The following paragraphs introduce these four former groups:
Bombacaceae: a small group, mostly trees from tropical South America, including Adansonia (Baobab) and others with distinctive swollen trunks, Ochroma pyramidale the source of balsa wood, and Ceiba and Bombax spp. from which the fibre kapok is derived.
Sterculiaceae: quite a large group, mainly tropical and subtropical trees and shrubs, with several genera extending into more temperate zones. The type genus Sterculia, of some 150 species, includes some native in northern Australia. Various species are valued for timber, oil, and edible seeds among other uses. Brachychiton rupestris (Queensland Bottle Tree) with a distinctive swollen trunk, and B. acerifolius (Flame Tree, Pl. 22a–e) with striking red flowers, are grown for ornament. Lasiopetalum (Pl. 22f, g) and Thomasia (Fig. 100), both endemic Australian genera of small shrubs, are seen in native gardens. Theobroma cacao, originally from South America but now much cultivated, is the source of chocolate.
Tiliaceae: a small, widely distributed group of trees and shrubs, mostly tropical, some extending to temperate areas. Corchorus spp. provide the fibre jute, and Tilia (Linden) trees are valued for timber and ornament.
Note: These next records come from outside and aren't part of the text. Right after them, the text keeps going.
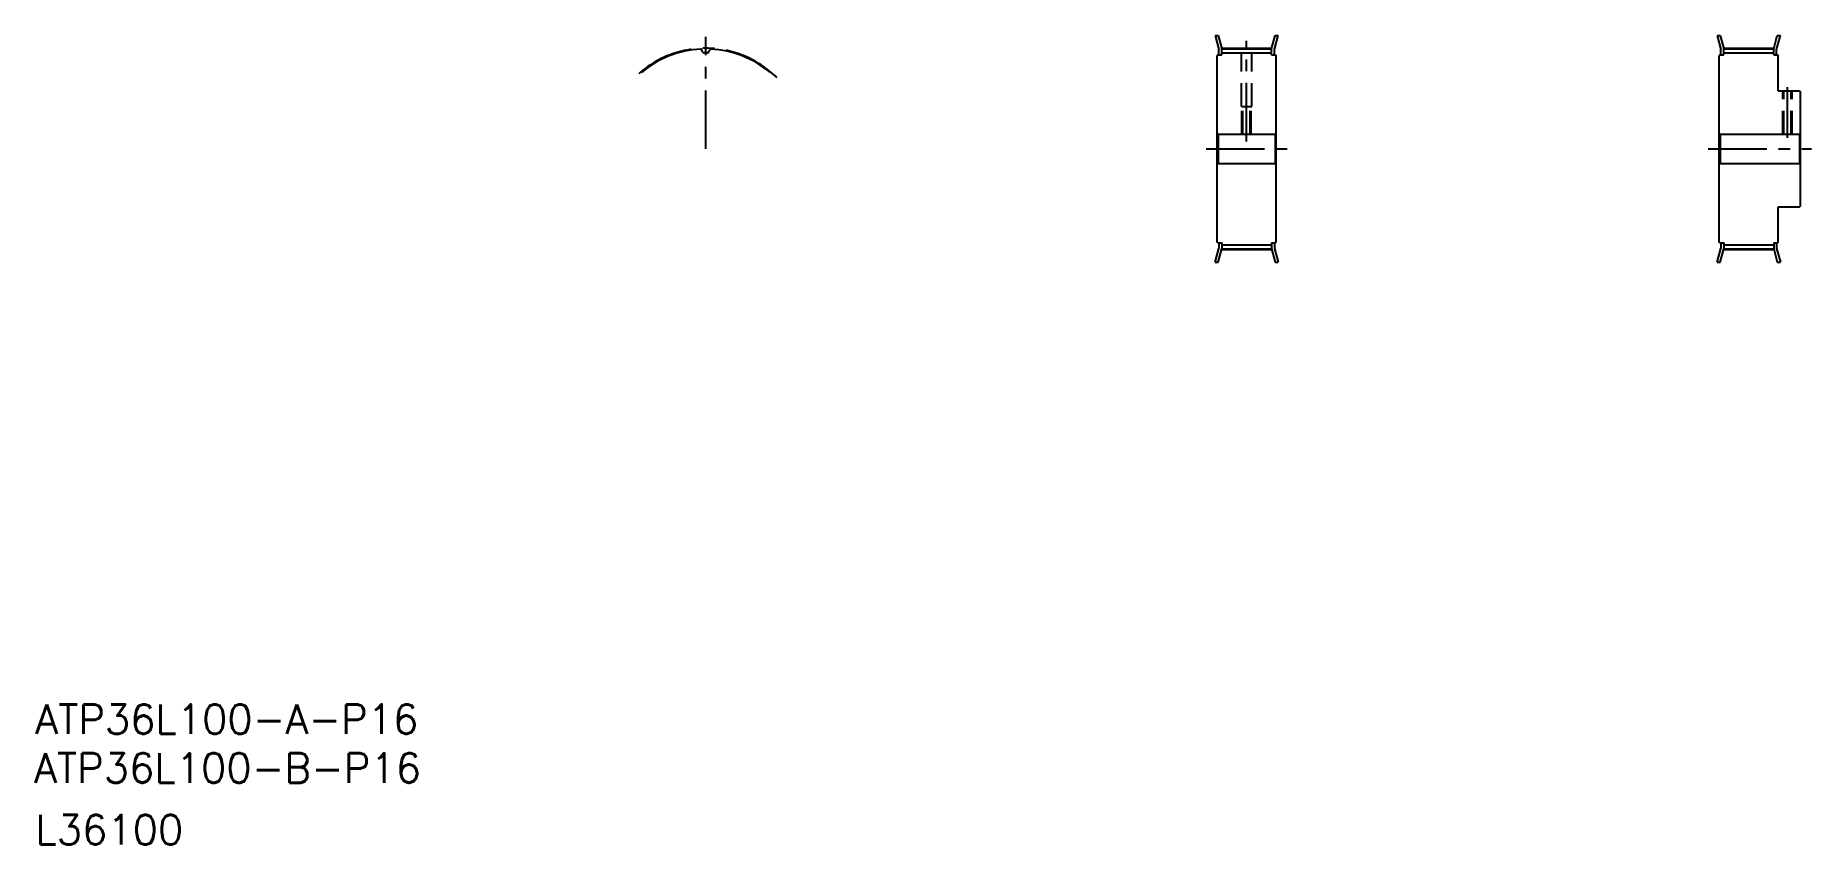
# Model space of a CAD drawing. Extents: x -507 to 456, y -305 to 134.
import ezdxf

# ---------------------------------------------------------------- set-up
doc = ezdxf.new("R2010")
doc.units = 0
doc.linetypes.add('CENTER', pattern=[50.8, 31.75, -6.35, 6.35, -6.35])
doc.linetypes.add('DASHED', pattern=[19.05, 12.7, -6.35])
doc.layers.get('0').update_dxf_attribs({"linetype": 'CONTINUOUS'})
doc.layers.add('CENTER', color=1, linetype='CENTER')
doc.styles.get("Standard").update_dxf_attribs({"font": 'txt', "bigfont": 'BIGFONT'})

msp = doc.modelspace()

# ---------------------------------------------------------------- linework, layer by layer
at = {"color": 7, "linetype": 'CONTINUOUS'}
for p, q in [((-145.35, 125.5), (-145.77, 126.65)), ((-141.82, 125.5), (-141.4, 126.65)), ((132.78, 134.38), (134.43, 134.38)), ((132.78, 134.38), (134.79, 126.86)), ((134.43, 134.38), (136.39, 127.07)), ((134.79, 123.88), (134.79, 126.86)), ((136.39, 127.07), (163.39, 127.07)), ((136.39, 123.88), (136.39, 127.07)), ((163.39, 127.07), (165.35, 134.38)), ((163.39, 123.88), (163.39, 127.07)), ((164.99, 126.86), (167.01, 134.38)), ((164.99, 123.88), (164.99, 126.86)), ((165.35, 134.38), (167.01, 134.38)), ((405.28, 134.38), (406.93, 134.38)), ((405.28, 134.38), (407.29, 126.86)), ((406.93, 134.38), (408.89, 127.07)), ((407.29, 123.88), (407.29, 126.86)), ((408.89, 127.07), (435.89, 127.07)), ((408.89, 123.88), (408.89, 127.07)), ((435.89, 127.07), (437.85, 134.38)), ((435.89, 123.88), (435.89, 127.07)), ((437.49, 126.86), (439.51, 134.38)), ((437.49, 123.88), (437.49, 126.86)), ((437.85, 134.38), (439.51, 134.38)), ((134.19, 123.88), (133.89, 123.58)), ((133.89, 22.18), (133.89, 123.58)), ((134.19, 123.88), (136.39, 123.88)), ((136.39, 124.94), (163.39, 124.94)), ((163.39, 123.88), (165.59, 123.88)), ((165.59, 123.88), (165.89, 123.58)), ((165.89, 22.18), (165.89, 123.58)), ((406.69, 123.88), (406.39, 123.58)), ((406.39, 22.18), (406.39, 123.58)), ((406.69, 123.88), (408.89, 123.88)), ((408.89, 124.94), (435.89, 124.94)), ((435.89, 123.88), (438.09, 123.88)), ((438.09, 123.88), (438.39, 123.58)), ((438.39, 104.38), (438.39, 123.58)), ((406.39, 48.18), (406.39, 97.58)), ((438.39, 104.38), (449.89, 104.38)), ((449.89, 104.38), (450.39, 103.88)), ((450.39, 41.88), (450.39, 103.88)), ((133.89, 81.38), (134.39, 80.88)), ((134.39, 80.88), (165.39, 80.88)), ((134.39, 80.88), (134.39, 64.88)), ((165.89, 81.38), (165.39, 80.88)), ((165.39, 80.88), (165.39, 64.88)), ((406.39, 81.38), (406.89, 80.88)), ((406.89, 80.88), (449.89, 80.88)), ((406.89, 80.88), (406.89, 64.88)), ((449.89, 80.88), (450.39, 81.38)), ((449.89, 80.88), (449.89, 64.88)), ((133.89, 64.38), (134.39, 64.88)), ((134.39, 64.88), (165.39, 64.88)), ((165.89, 64.38), (165.39, 64.88)), ((406.39, 64.38), (406.89, 64.88)), ((406.89, 64.88), (449.89, 64.88)), ((449.89, 64.88), (450.39, 64.38)), ((438.39, 22.18), (438.39, 41.38)), ((438.39, 41.38), (449.89, 41.38)), ((449.89, 41.38), (450.39, 41.88)), ((134.19, 21.88), (133.89, 22.18)), ((134.19, 21.88), (136.39, 21.88)), ((134.79, 21.88), (134.79, 18.89)), ((136.39, 21.88), (136.39, 18.68)), ((136.39, 20.81), (163.39, 20.81)), ((163.39, 21.88), (163.39, 18.68)), ((163.39, 21.88), (165.59, 21.88)), ((164.99, 21.88), (164.99, 18.89)), ((165.59, 21.88), (165.89, 22.18)), ((406.69, 21.88), (406.39, 22.18)), ((406.69, 21.88), (408.89, 21.88)), ((407.29, 21.88), (407.29, 18.89)), ((408.89, 21.88), (408.89, 18.68)), ((408.89, 20.81), (435.89, 20.81)), ((435.89, 21.88), (438.09, 21.88)), ((435.89, 21.88), (435.89, 18.68)), ((437.49, 21.88), (437.49, 18.89)), ((438.09, 21.88), (438.39, 22.18)), ((132.78, 11.38), (134.79, 18.89)), ((132.78, 11.38), (134.43, 11.38)), ((134.43, 11.38), (136.39, 18.68)), ((136.39, 18.68), (163.39, 18.68)), ((163.39, 18.68), (165.35, 11.38)), ((164.99, 18.89), (167.01, 11.38)), ((165.35, 11.38), (167.01, 11.38)), ((405.28, 11.38), (407.29, 18.89)), ((405.28, 11.38), (406.93, 11.38)), ((406.93, 11.38), (408.89, 18.68)), ((408.89, 18.68), (435.89, 18.68)), ((435.89, 18.68), (437.85, 11.38)), ((437.49, 18.89), (439.51, 11.38)), ((437.85, 11.38), (439.51, 11.38))]:
    msp.add_line(p, q, dxfattribs=at)
at = {"color": 3, "linetype": 'DASHED'}
for p, q in [((147.14, 95.88), (147.14, 124.94)), ((152.64, 95.88), (152.64, 124.94)), ((440.89, 80.88), (440.89, 104.38)), ((441.39, 80.88), (441.39, 104.38)), ((445.39, 80.88), (445.39, 104.38)), ((445.89, 80.88), (445.89, 104.38)), ((147.14, 95.88), (152.64, 95.88)), ((147.39, 80.88), (147.39, 95.88)), ((147.89, 80.88), (147.89, 95.88)), ((151.89, 80.88), (151.89, 95.88)), ((152.39, 80.88), (152.39, 95.88))]:
    msp.add_line(p, q, dxfattribs=at)
at = {"color": 7, "linetype": 'CONTINUOUS'}
for centre, radius, start, end in [((-143.58, 72.88), 54.19, 92.86292, 130), ((-146.26, 126.47), 0.53, 20, 92.86292), ((-144.54, 125.79), 0.86, 200, 271.03186), ((-142.63, 125.79), 0.86, 268.96814, 340), ((-140.9, 126.47), 0.53, 87.13708, 160), ((-143.58, 72.88), 54.19, 50, 87.13708), ((-143.58, 72.88), 52.06, 88.96814, 91.03186)]:
    msp.add_arc(centre, radius, start, end, dxfattribs=at)
at = {"layer": 'CENTER', "color": 1, "linetype": 'CENTER'}
for p, q in [((-143.58, 72.88), (-143.58, 133.73)), ((136.29, 127.45), (163.49, 127.45)), ((149.89, 76.88), (149.89, 131.45)), ((408.79, 127.45), (435.99, 127.45)), ((443.39, 78.88), (443.39, 106.38)), ((127.89, 72.88), (171.89, 72.88)), ((400.39, 72.88), (456.39, 72.88)), ((136.29, 18.3), (163.49, 18.3)), ((408.79, 18.3), (435.99, 18.3))]:
    msp.add_line(p, q, dxfattribs=at)
msp.add_arc((-143.58, 72.88), 54.58, 45, 135, dxfattribs=at)

# ---------------------------------------------------------------- texts
at = {"color": 7, "linetype": 'CONTINUOUS'}
for s, p in [('ATP36L100-A-P16', (-507.34, -244.52)), ('ATP36L100-B-P16', (-507.93, -271)), ('L36100', (-507.34, -304.52))]:
    msp.add_text(s, height=16, dxfattribs=at).set_placement(p)

doc.saveas('drawing.dxf')

Malvaceae: a large, cosmopolitan group of trees, shrubs and herbs. Many ornamentals are seen in gardens including Alcea (Hollyhock), Abutilon (Lantern Flower), Alyogyne (Native Hibiscus), Hibiscus (Pl. 21h), Malva (Mallow), and Malvaviscus (Wax Mallow, Fig. 99; Pl. 21i). Gossypium sturtianum (Sturt’s Desert Rose), a widely distributed native species in inland mainland Australia, is the floral emblem of the Northern Territory. Other Gossypium species are of considerable economic value as the source of cotton. Common weeds include Lavatera spp., Malva nicaeensis (Mallow of Nice, Pl. 21f, g), M. parviflora (Small-flowered Mallow, Pl. 21e) and other Malva spp., Modiola caroliniana (Red-flowered Mallow), and Sida rhombifolia (Paddy’s Lucerne).
Fig. 99 Malvaviscus arboreus (Wax Mallow, Turk’s Cap)
Spreading shrub to 2 m; leaves broadly ovate, to 15 cm long, hairy, becoming 3-lobed at the apex; flowers bright red (Pl. 21i), solitary in the axils, epicalyx of bracts surrounding the tubular calyx; petals joined to the filament tube which surrounds, but is free from, the style. Native to South America, sometimes grown for ornament. Flowering mostly in summer to autumn. (a–b ×2, c ×2.5, d ×2, e ×7)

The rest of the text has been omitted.